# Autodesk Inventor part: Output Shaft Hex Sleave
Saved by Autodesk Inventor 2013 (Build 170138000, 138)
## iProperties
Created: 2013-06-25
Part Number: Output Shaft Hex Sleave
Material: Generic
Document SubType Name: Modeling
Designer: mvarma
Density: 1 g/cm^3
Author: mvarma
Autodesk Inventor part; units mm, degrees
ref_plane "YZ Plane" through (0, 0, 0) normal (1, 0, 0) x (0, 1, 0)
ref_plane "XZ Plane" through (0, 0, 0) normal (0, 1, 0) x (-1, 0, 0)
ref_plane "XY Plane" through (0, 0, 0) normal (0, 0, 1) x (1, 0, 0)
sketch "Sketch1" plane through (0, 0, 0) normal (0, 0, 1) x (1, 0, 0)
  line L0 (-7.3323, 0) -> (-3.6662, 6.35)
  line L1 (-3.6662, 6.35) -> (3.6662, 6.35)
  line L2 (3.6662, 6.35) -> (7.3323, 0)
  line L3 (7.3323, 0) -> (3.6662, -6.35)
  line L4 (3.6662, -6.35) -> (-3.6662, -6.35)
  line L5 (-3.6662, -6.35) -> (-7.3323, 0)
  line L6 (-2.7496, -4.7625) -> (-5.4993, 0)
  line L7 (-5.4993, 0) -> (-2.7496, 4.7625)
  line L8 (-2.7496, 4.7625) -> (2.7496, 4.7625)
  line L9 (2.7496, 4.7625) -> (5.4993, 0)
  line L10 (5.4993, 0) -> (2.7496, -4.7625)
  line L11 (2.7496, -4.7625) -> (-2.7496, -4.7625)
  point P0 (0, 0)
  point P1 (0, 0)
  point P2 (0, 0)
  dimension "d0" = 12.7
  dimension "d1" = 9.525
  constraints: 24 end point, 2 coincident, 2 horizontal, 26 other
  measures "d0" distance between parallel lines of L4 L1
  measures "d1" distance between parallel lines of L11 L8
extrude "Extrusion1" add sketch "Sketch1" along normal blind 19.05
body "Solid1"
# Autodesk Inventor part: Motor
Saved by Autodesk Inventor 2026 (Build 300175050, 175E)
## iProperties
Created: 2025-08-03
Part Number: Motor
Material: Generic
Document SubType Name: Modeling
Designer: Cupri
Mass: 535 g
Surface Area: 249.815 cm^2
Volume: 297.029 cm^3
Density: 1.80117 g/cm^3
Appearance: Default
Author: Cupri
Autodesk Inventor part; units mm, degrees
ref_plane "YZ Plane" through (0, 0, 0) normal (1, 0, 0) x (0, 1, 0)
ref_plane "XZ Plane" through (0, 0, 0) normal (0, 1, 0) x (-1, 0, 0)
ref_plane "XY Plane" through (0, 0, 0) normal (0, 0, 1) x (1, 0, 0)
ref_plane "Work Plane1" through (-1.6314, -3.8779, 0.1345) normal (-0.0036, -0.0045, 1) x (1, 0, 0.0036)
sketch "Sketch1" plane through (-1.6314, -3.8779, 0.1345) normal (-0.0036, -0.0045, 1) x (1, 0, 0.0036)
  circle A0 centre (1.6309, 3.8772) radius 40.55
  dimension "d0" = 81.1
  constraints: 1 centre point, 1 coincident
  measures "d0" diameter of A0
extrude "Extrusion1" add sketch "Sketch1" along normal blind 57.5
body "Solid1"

——

*Action item*
Each line from the top of the records down to the one with "line L1 (-3.6662, 6.35) -> (3.6662, 6.35)" must be retyped exactly; include both ends and nothing else.

*Result for this task*
# Autodesk Inventor part: Output Shaft Hex Sleave
Saved by Autodesk Inventor 2013 (Build 170138000, 138)
## iProperties
Created: 2013-06-25
Part Number: Output Shaft Hex Sleave
Material: Generic
Document SubType Name: Modeling
Designer: mvarma
Density: 1 g/cm^3
Author: mvarma
Autodesk Inventor part; units mm, degrees
ref_plane "YZ Plane" through (0, 0, 0) normal (1, 0, 0) x (0, 1, 0)
ref_plane "XZ Plane" through (0, 0, 0) normal (0, 1, 0) x (-1, 0, 0)
ref_plane "XY Plane" through (0, 0, 0) normal (0, 0, 1) x (1, 0, 0)
sketch "Sketch1" plane through (0, 0, 0) normal (0, 0, 1) x (1, 0, 0)
  line L0 (-7.3323, 0) -> (-3.6662, 6.35)
  line L1 (-3.6662, 6.35) -> (3.6662, 6.35)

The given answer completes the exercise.